Records supplied:

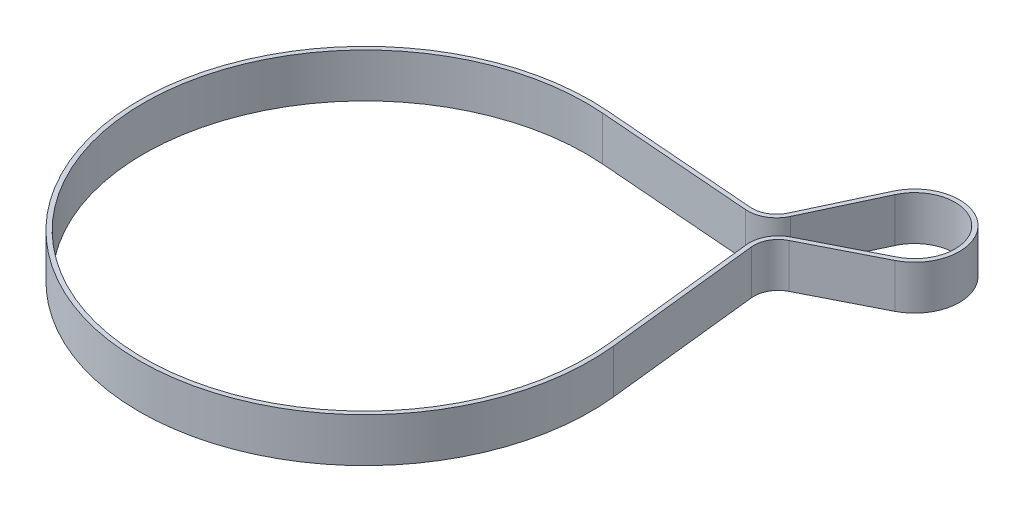
from build123d import *

# Parameters (mm, degrees)
BOSS_EXTRUDE1_DEPTH = 10


with BuildPart() as part:
    # Sketch1 → Boss-Extrude1 (new body)
    with BuildSketch(Plane(origin=(0, 0, 0), x_dir=(1, 0, 0), z_dir=(0, 1, 0))):
        with BuildLine():
            Line((-3.197802304, 60.450073138), (-10.78557004, 44.267462694))
            ThreePointArc((-10.78557004, 44.267462694), (-12.997646781, 41.849514237), (-16.192346026, 41.118997306))
            Line((-16.192346026, 41.118997306), (-51.345713088, 43.856493285))
            ThreePointArc((-51.345713088, 43.856493285), (-90.906449046, -43.828164288), (-4.486759028, -1.575493597))
            Line((-4.486759028, -1.575493597), (-8.309742442, 33.476437845))
            ThreePointArc((-8.309742442, 33.476437845), (-7.678341525, 36.692194542), (-5.329937086, 38.977966806))
            Line((-5.329937086, 38.977966806), (10.610355689, 47.062406568))
            ThreePointArc((10.610355689, 47.062406568), (13.089481768, 63.434160758), (-3.197802304, 60.450073138))
        make_face()
        with BuildLine():
            ThreePointArc((-5.480863845, -1.683916901), (-90.210358478, -43.110210305), (-51.423350976, 42.859511662))
            Line((-51.423350976, 42.859511662), (-16.269983915, 40.122015682))
            ThreePointArc((-16.269983915, 40.122015682), (-12.494430262, 40.985353873), (-9.880157749, 43.842929323))
            Line((-9.880157749, 43.842929323), (-2.292390013, 60.025539767))
            ThreePointArc((-2.292390013, 60.025539767), (12.393391201, 62.716206775), (10.158033664, 47.954261256))
            Line((10.158033664, 47.954261256), (-5.782259111, 39.869821495))
            ThreePointArc((-5.782259111, 39.869821495), (-8.557646175, 37.168454274), (-9.303847259, 33.368014541))
            Line((-9.303847259, 33.368014541), (-5.480863845, -1.683916901))
        make_face(mode=Mode.SUBTRACT)
    extrude(amount=BOSS_EXTRUDE1_DEPTH)


solid = part.part

Required action: Reproduce exactly the lines from the beginning of the material down to the line containing "42.859511662), (-16.269983915, 40.122015682))", both ends included, but not the pictures or anything after.

Exercise result:
from build123d import *

# Parameters (mm, degrees)
BOSS_EXTRUDE1_DEPTH = 10


with BuildPart() as part:
    # Sketch1 → Boss-Extrude1 (new body)
    with BuildSketch(Plane(origin=(0, 0, 0), x_dir=(1, 0, 0), z_dir=(0, 1, 0))):
        with BuildLine():
            Line((-3.197802304, 60.450073138), (-10.78557004, 44.267462694))
            ThreePointArc((-10.78557004, 44.267462694), (-12.997646781, 41.849514237), (-16.192346026, 41.118997306))
            Line((-16.192346026, 41.118997306), (-51.345713088, 43.856493285))
            ThreePointArc((-51.345713088, 43.856493285), (-90.906449046, -43.828164288), (-4.486759028, -1.575493597))
            Line((-4.486759028, -1.575493597), (-8.309742442, 33.476437845))
            ThreePointArc((-8.309742442, 33.476437845), (-7.678341525, 36.692194542), (-5.329937086, 38.977966806))
            Line((-5.329937086, 38.977966806), (10.610355689, 47.062406568))
            ThreePointArc((10.610355689, 47.062406568), (13.089481768, 63.434160758), (-3.197802304, 60.450073138))
        make_face()
        with BuildLine():
            ThreePointArc((-5.480863845, -1.683916901), (-90.210358478, -43.110210305), (-51.423350976, 42.859511662))
            Line((-51.423350976, 42.859511662), (-16.269983915, 40.122015682))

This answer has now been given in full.